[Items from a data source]

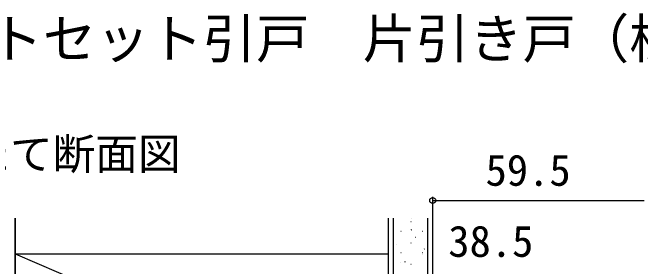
# Model space of a CAD drawing. Units: millimetres, scale not verified. Extents: x -525 to 525, y -783 to 780.
# Drawn here: x -434.7 to -257.9, y -133.5 to -62 of the extents above; entities that cross this region are included whole.
import ezdxf
from ezdxf.enums import TextEntityAlignment as Align

# ---------------------------------------------------------------- set-up
doc = ezdxf.new("R2010")
doc.units = ezdxf.units.MM
doc.header["$LTSCALE"] = 4
for name, color, linetype in [('0-1_USER1', 3, 'Continuous'), ('0-5_YKK_D', 6, 'Continuous'), ('0-7_YSS_K', 3, 'Continuous')]:
    doc.layers.add(name, color=color, linetype=linetype)
doc.styles.add('ＭＳ ゴシック', font='')
doc.styles.get('ＭＳ ゴシック').set_extended_font_data('MS Gothic')

msp = doc.modelspace()

# ---------------------------------------------------------------- linework, layer by layer
at = {"layer": '0-5_YKK_D'}
for p, q in [((-316.407, -133.016), (-316.407, -113.891)), ((-316.407, -114.891), (-256.907, -114.891))]:
    msp.add_line(p, q, dxfattribs=at)
msp.add_circle((-316.407, -114.891), 0.85, dxfattribs=at)
at = {"layer": '0-7_YSS_K'}
for p, q in [((-328.907, -119.886), (-328.907, -219.886)), ((-327.407, -219.886), (-327.407, -119.886)), ((-322.408, -119.96), (-322.389, -119.953)), ((-317.907, -119.886), (-317.907, -219.886)), ((-316.407, -219.886), (-316.407, -119.886)), ((-322.558, -120.816), (-322.458, -120.816)), ((-325.408, -123.566), (-325.308, -123.566)), ((-322.455, -123.181), (-322.289, -123.07)), ((-319.328, -123.566), (-319.228, -123.566)), ((-321.21, -125.218), (-321.191, -125.211)), ((-326.696, -127.16), (-326.677, -127.154)), ((-322.558, -126.796), (-322.458, -126.796)), ((-318.846, -128.627), (-318.679, -128.517)), ((-433.907, -129.886), (-328.907, -174.886)), ((-433.907, -129.886), (-328.907, -129.886)), ((-325.408, -129.546), (-325.308, -129.546)), ((-319.328, -129.546), (-319.228, -129.546)), ((-319.258, -130.208), (-319.239, -130.202)), ((-325.498, -132.418), (-325.48, -132.411)), ((-324.224, -132.187), (-324.057, -132.077)), ((-322.558, -132.776), (-322.458, -132.776))]:
    msp.add_line(p, q, dxfattribs=at)
msp.add_lwpolyline([(-433.907, -119.886), (-433.907, -219.886), (-433.907, -119.886)], dxfattribs=at)

# ---------------------------------------------------------------- texts
at = {"layer": '0-1_USER1', "style": 'ＭＳ ゴシック'}
for s, height, p in [('■アウトセット引戸\u3000片引き戸（標準）開放枠納まり\u3000土間納まり例（土間×土間）', 11, (-486.153, -78.127)), ('●たて断面図', 8.798, (-459.373, -108.818))]:
    msp.add_text(s, height=height, dxfattribs=at).set_placement(p, align=Align.BOTTOM_LEFT)
at = {"layer": '0-5_YKK_D', "style": 'ＭＳ ゴシック'}
for s, p in [('59.5', (-301.521, -113.391)), ('38.5', (-312.021, -133.391))]:
    msp.add_text(s, height=8.798, dxfattribs=at).set_placement(p, align=Align.BOTTOM_LEFT)

doc.saveas('drawing.dxf')

**TASK INSTRUCTIONS:** Among the lines above, repeat exactly those from the line with "for name, color, linetype" to the line with "layer by layer", counting both ends.

**RESULT OF THIS EXERCISE:**
for name, color, linetype in [('0-1_USER1', 3, 'Continuous'), ('0-5_YKK_D', 6, 'Continuous'), ('0-7_YSS_K', 3, 'Continuous')]:
    doc.layers.add(name, color=color, linetype=linetype)
doc.styles.add('ＭＳ ゴシック', font='')
doc.styles.get('ＭＳ ゴシック').set_extended_font_data('MS Gothic')

msp = doc.modelspace()

# ---------------------------------------------------------------- linework, layer by layer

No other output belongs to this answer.